## Your assignment
Set down the data again exactly. Pictures are not part of the copy.

(Collected data)
# # #
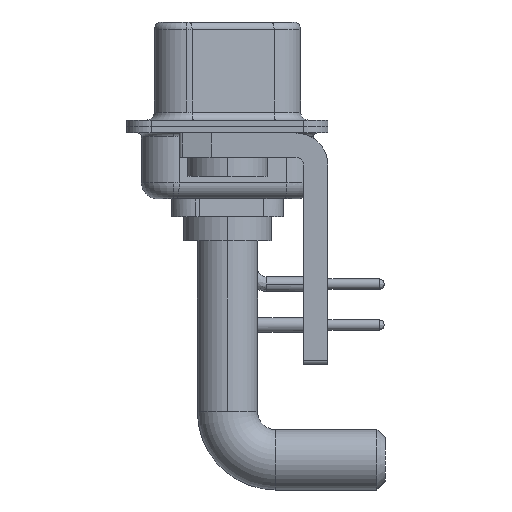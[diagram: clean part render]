
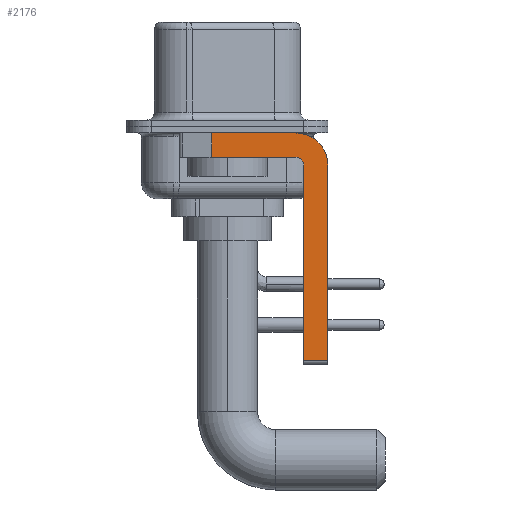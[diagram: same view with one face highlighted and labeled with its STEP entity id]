
A CAD part, left-side view. The second image highlights one B-rep face of the part: STEP entity #2176.
In plain terms, the highlighted planar face has unit normal (-1, 0, 0).
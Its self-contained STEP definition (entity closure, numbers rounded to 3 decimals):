
#251 = CARTESIAN_POINT ( 'NONE',  ( -2.9, -4.75, -14.8 ) ) ;
#755 = DIRECTION ( 'NONE',  ( 0., 0., -1. ) ) ;
#1200 = VECTOR ( 'NONE', #6182, 1000. ) ;
#1424 = LINE ( 'NONE', #27383, #16897 ) ;
#1629 = VERTEX_POINT ( 'NONE', #5476 ) ;
#2094 = ORIENTED_EDGE ( 'NONE', *, *, #21568, .F. ) ;
#2176 = ADVANCED_FACE ( 'NONE', ( #17736 ), #23772, .F. ) ;
#2449 = EDGE_CURVE ( 'NONE', #3123, #14773, #1424, .T. ) ;
#2502 = VECTOR ( 'NONE', #20003, 1000. ) ;
#3123 = VERTEX_POINT ( 'NONE', #4748 ) ;
#4080 = DIRECTION ( 'NONE',  ( 0., -1., 0. ) ) ;
#4159 = LINE ( 'NONE', #19052, #9375 ) ;
#4672 = VERTEX_POINT ( 'NONE', #21682 ) ;
#4748 = CARTESIAN_POINT ( 'NONE',  ( -2.9, -4.75, -14.55 ) ) ;
#4826 = ORIENTED_EDGE ( 'NONE', *, *, #16078, .T. ) ;
#5476 = CARTESIAN_POINT ( 'NONE',  ( -2.9, -4.75, -2.4 ) ) ;
#6182 = DIRECTION ( 'NONE',  ( 0., 0., -1. ) ) ;
#6486 = DIRECTION ( 'NONE',  ( 0., 0., 1. ) ) ;
#6568 = CARTESIAN_POINT ( 'NONE',  ( -2.9, -4.25, -2.4 ) ) ;
#6938 = AXIS2_PLACEMENT_3D ( 'NONE', #17295, #10678, #6486 ) ;
#7069 = CARTESIAN_POINT ( 'NONE',  ( -2.9, -4.25, -2.4 ) ) ;
#7176 = EDGE_CURVE ( 'NONE', #19969, #14773, #4159, .T. ) ;
#7218 = EDGE_CURVE ( 'NONE', #3123, #1629, #19471, .T. ) ;
#8358 = ORIENTED_EDGE ( 'NONE', *, *, #20359, .F. ) ;
#9375 = VECTOR ( 'NONE', #26066, 1000. ) ;
#10678 = DIRECTION ( 'NONE',  ( -1., 0., 0. ) ) ;
#11167 = CARTESIAN_POINT ( 'NONE',  ( -2.9, -6.25, -2.4 ) ) ;
#12620 = EDGE_CURVE ( 'NONE', #1629, #24122, #19042, .T. ) ;
#12619 = LINE ( 'NONE', #14879, #1200 ) ;
#13201 = ORIENTED_EDGE ( 'NONE', *, *, #12620, .F. ) ;
#13474 = DIRECTION ( 'NONE',  ( 0., -1., 0. ) ) ;
#14412 = ORIENTED_EDGE ( 'NONE', *, *, #7218, .F. ) ;
#14773 = VERTEX_POINT ( 'NONE', #16166 ) ;
#14879 = CARTESIAN_POINT ( 'NONE',  ( -2.9, 0.978, -1.9 ) ) ;
#15133 = DIRECTION ( 'NONE',  ( 1., 0., 0. ) ) ;
#15167 = ORIENTED_EDGE ( 'NONE', *, *, #7176, .F. ) ;
#15306 = LINE ( 'NONE', #15594, #18523 ) ;
#15513 = ORIENTED_EDGE ( 'NONE', *, *, #2449, .T. ) ;
#15594 = CARTESIAN_POINT ( 'NONE',  ( -2.9, 3., -0.4 ) ) ;
#15814 = DIRECTION ( 'NONE',  ( 0., 0., 1. ) ) ;
#16078 = EDGE_CURVE ( 'NONE', #19317, #4672, #12619, .T. ) ;
#16166 = CARTESIAN_POINT ( 'NONE',  ( -2.9, -6.25, -14.55 ) ) ;
#16897 = VECTOR ( 'NONE', #4080, 1000. ) ;
#16920 = AXIS2_PLACEMENT_3D ( 'NONE', #6568, #15133, #23696 ) ;
#17295 = CARTESIAN_POINT ( 'NONE',  ( -2.9, -4.25, -2.4 ) ) ;
#17736 = FACE_OUTER_BOUND ( 'NONE', #20940, .T. ) ;
#18007 = VERTEX_POINT ( 'NONE', #19240 ) ;
#18523 = VECTOR ( 'NONE', #13474, 1000. ) ;
#19042 = CIRCLE ( 'NONE', #6938, 0.5 ) ;
#19052 = CARTESIAN_POINT ( 'NONE',  ( -2.9, -6.25, -2.4 ) ) ;
#19240 = CARTESIAN_POINT ( 'NONE',  ( -2.9, -4.25, -0.4 ) ) ;
#19317 = VERTEX_POINT ( 'NONE', #21621 ) ;
#19471 = LINE ( 'NONE', #251, #21967 ) ;
#19588 = LINE ( 'NONE', #24084, #2502 ) ;
#19969 = VERTEX_POINT ( 'NONE', #11167 ) ;
#20003 = DIRECTION ( 'NONE',  ( 0., 1., 0. ) ) ;
#20359 = EDGE_CURVE ( 'NONE', #24122, #4672, #19588, .T. ) ;
#20940 = EDGE_LOOP ( 'NONE', ( #21518, #4826, #8358, #13201, #14412, #15513, #15167, #2094 ) ) ;
#21518 = ORIENTED_EDGE ( 'NONE', *, *, #27229, .F. ) ;
#21568 = EDGE_CURVE ( 'NONE', #18007, #19969, #22328, .T. ) ;
#21621 = CARTESIAN_POINT ( 'NONE',  ( -2.9, 0.978, -0.4 ) ) ;
#21682 = CARTESIAN_POINT ( 'NONE',  ( -2.9, 0.978, -1.9 ) ) ;
#21967 = VECTOR ( 'NONE', #15814, 1000. ) ;
#22328 = CIRCLE ( 'NONE', #16920, 2. ) ;
#23696 = DIRECTION ( 'NONE',  ( 0., 0., -1. ) ) ;
#23772 = PLANE ( 'NONE',  #25895 ) ;
#24084 = CARTESIAN_POINT ( 'NONE',  ( -2.9, -4.25, -1.9 ) ) ;
#24122 = VERTEX_POINT ( 'NONE', #26035 ) ;
#25895 = AXIS2_PLACEMENT_3D ( 'NONE', #7069, #26155, #755 ) ;
#26035 = CARTESIAN_POINT ( 'NONE',  ( -2.9, -4.25, -1.9 ) ) ;
#26066 = DIRECTION ( 'NONE',  ( 0., 0., -1. ) ) ;
#26155 = DIRECTION ( 'NONE',  ( 1., 0., 0. ) ) ;
#27229 = EDGE_CURVE ( 'NONE', #19317, #18007, #15306, .T. ) ;
#27383 = CARTESIAN_POINT ( 'NONE',  ( -2.9, -4.25, -14.55 ) ) ;
# # #
## Response to this task
[diagram: clean part render]
[diagram: same view with one face highlighted and labeled with its STEP entity id]
A CAD part, left-side view. The second image highlights one B-rep face of the part: STEP entity #2176.
In plain terms, the highlighted planar face has unit normal (-1, 0, 0).
Its self-contained STEP definition (entity closure, numbers rounded to 3 decimals):
#251 = CARTESIAN_POINT ( 'NONE',  ( -2.9, -4.75, -14.8 ) ) ;
#755 = DIRECTION ( 'NONE',  ( 0., 0., -1. ) ) ;
#1200 = VECTOR ( 'NONE', #6182, 1000. ) ;
#1424 = LINE ( 'NONE', #27383, #16897 ) ;
#1629 = VERTEX_POINT ( 'NONE', #5476 ) ;
#2094 = ORIENTED_EDGE ( 'NONE', *, *, #21568, .F. ) ;
#2176 = ADVANCED_FACE ( 'NONE', ( #17736 ), #23772, .F. ) ;
#2449 = EDGE_CURVE ( 'NONE', #3123, #14773, #1424, .T. ) ;
#2502 = VECTOR ( 'NONE', #20003, 1000. ) ;
#3123 = VERTEX_POINT ( 'NONE', #4748 ) ;
#4080 = DIRECTION ( 'NONE',  ( 0., -1., 0. ) ) ;
#4159 = LINE ( 'NONE', #19052, #9375 ) ;
#4672 = VERTEX_POINT ( 'NONE', #21682 ) ;
#4748 = CARTESIAN_POINT ( 'NONE',  ( -2.9, -4.75, -14.55 ) ) ;
#4826 = ORIENTED_EDGE ( 'NONE', *, *, #16078, .T. ) ;
#5476 = CARTESIAN_POINT ( 'NONE',  ( -2.9, -4.75, -2.4 ) ) ;
#6182 = DIRECTION ( 'NONE',  ( 0., 0., -1. ) ) ;
#6486 = DIRECTION ( 'NONE',  ( 0., 0., 1. ) ) ;
#6568 = CARTESIAN_POINT ( 'NONE',  ( -2.9, -4.25, -2.4 ) ) ;
#6938 = AXIS2_PLACEMENT_3D ( 'NONE', #17295, #10678, #6486 ) ;
#7069 = CARTESIAN_POINT ( 'NONE',  ( -2.9, -4.25, -2.4 ) ) ;
#7176 = EDGE_CURVE ( 'NONE', #19969, #14773, #4159, .T. ) ;
#7218 = EDGE_CURVE ( 'NONE', #3123, #1629, #19471, .T. ) ;
#8358 = ORIENTED_EDGE ( 'NONE', *, *, #20359, .F. ) ;
#9375 = VECTOR ( 'NONE', #26066, 1000. ) ;
#10678 = DIRECTION ( 'NONE',  ( -1., 0., 0. ) ) ;
#11167 = CARTESIAN_POINT ( 'NONE',  ( -2.9, -6.25, -2.4 ) ) ;
#12620 = EDGE_CURVE ( 'NONE', #1629, #24122, #19042, .T. ) ;
#12619 = LINE ( 'NONE', #14879, #1200 ) ;
#13201 = ORIENTED_EDGE ( 'NONE', *, *, #12620, .F. ) ;
#13474 = DIRECTION ( 'NONE',  ( 0., -1., 0. ) ) ;
#14412 = ORIENTED_EDGE ( 'NONE', *, *, #7218, .F. ) ;
#14773 = VERTEX_POINT ( 'NONE', #16166 ) ;
#14879 = CARTESIAN_POINT ( 'NONE',  ( -2.9, 0.978, -1.9 ) ) ;
#15133 = DIRECTION ( 'NONE',  ( 1., 0., 0. ) ) ;
#15167 = ORIENTED_EDGE ( 'NONE', *, *, #7176, .F. ) ;
#15306 = LINE ( 'NONE', #15594, #18523 ) ;
#15513 = ORIENTED_EDGE ( 'NONE', *, *, #2449, .T. ) ;
#15594 = CARTESIAN_POINT ( 'NONE',  ( -2.9, 3., -0.4 ) ) ;
#15814 = DIRECTION ( 'NONE',  ( 0., 0., 1. ) ) ;
#16078 = EDGE_CURVE ( 'NONE', #19317, #4672, #12619, .T. ) ;
#16166 = CARTESIAN_POINT ( 'NONE',  ( -2.9, -6.25, -14.55 ) ) ;
#16897 = VECTOR ( 'NONE', #4080, 1000. ) ;
#16920 = AXIS2_PLACEMENT_3D ( 'NONE', #6568, #15133, #23696 ) ;
#17295 = CARTESIAN_POINT ( 'NONE',  ( -2.9, -4.25, -2.4 ) ) ;
#17736 = FACE_OUTER_BOUND ( 'NONE', #20940, .T. ) ;
#18007 = VERTEX_POINT ( 'NONE', #19240 ) ;
#18523 = VECTOR ( 'NONE', #13474, 1000. ) ;
#19042 = CIRCLE ( 'NONE', #6938, 0.5 ) ;
#19052 = CARTESIAN_POINT ( 'NONE',  ( -2.9, -6.25, -2.4 ) ) ;
#19240 = CARTESIAN_POINT ( 'NONE',  ( -2.9, -4.25, -0.4 ) ) ;
#19317 = VERTEX_POINT ( 'NONE', #21621 ) ;
#19471 = LINE ( 'NONE', #251, #21967 ) ;
#19588 = LINE ( 'NONE', #24084, #2502 ) ;
#19969 = VERTEX_POINT ( 'NONE', #11167 ) ;
#20003 = DIRECTION ( 'NONE',  ( 0., 1., 0. ) ) ;
#20359 = EDGE_CURVE ( 'NONE', #24122, #4672, #19588, .T. ) ;
#20940 = EDGE_LOOP ( 'NONE', ( #21518, #4826, #8358, #13201, #14412, #15513, #15167, #2094 ) ) ;
#21518 = ORIENTED_EDGE ( 'NONE', *, *, #27229, .F. ) ;
#21568 = EDGE_CURVE ( 'NONE', #18007, #19969, #22328, .T. ) ;
#21621 = CARTESIAN_POINT ( 'NONE',  ( -2.9, 0.978, -0.4 ) ) ;
#21682 = CARTESIAN_POINT ( 'NONE',  ( -2.9, 0.978, -1.9 ) ) ;
#21967 = VECTOR ( 'NONE', #15814, 1000. ) ;
#22328 = CIRCLE ( 'NONE', #16920, 2. ) ;
#23696 = DIRECTION ( 'NONE',  ( 0., 0., -1. ) ) ;
#23772 = PLANE ( 'NONE',  #25895 ) ;
#24084 = CARTESIAN_POINT ( 'NONE',  ( -2.9, -4.25, -1.9 ) ) ;
#24122 = VERTEX_POINT ( 'NONE', #26035 ) ;
#25895 = AXIS2_PLACEMENT_3D ( 'NONE', #7069, #26155, #755 ) ;
#26035 = CARTESIAN_POINT ( 'NONE',  ( -2.9, -4.25, -1.9 ) ) ;
#26066 = DIRECTION ( 'NONE',  ( 0., 0., -1. ) ) ;
#26155 = DIRECTION ( 'NONE',  ( 1., 0., 0. ) ) ;
#27229 = EDGE_CURVE ( 'NONE', #19317, #18007, #15306, .T. ) ;
#27383 = CARTESIAN_POINT ( 'NONE',  ( -2.9, -4.25, -14.55 ) ) ;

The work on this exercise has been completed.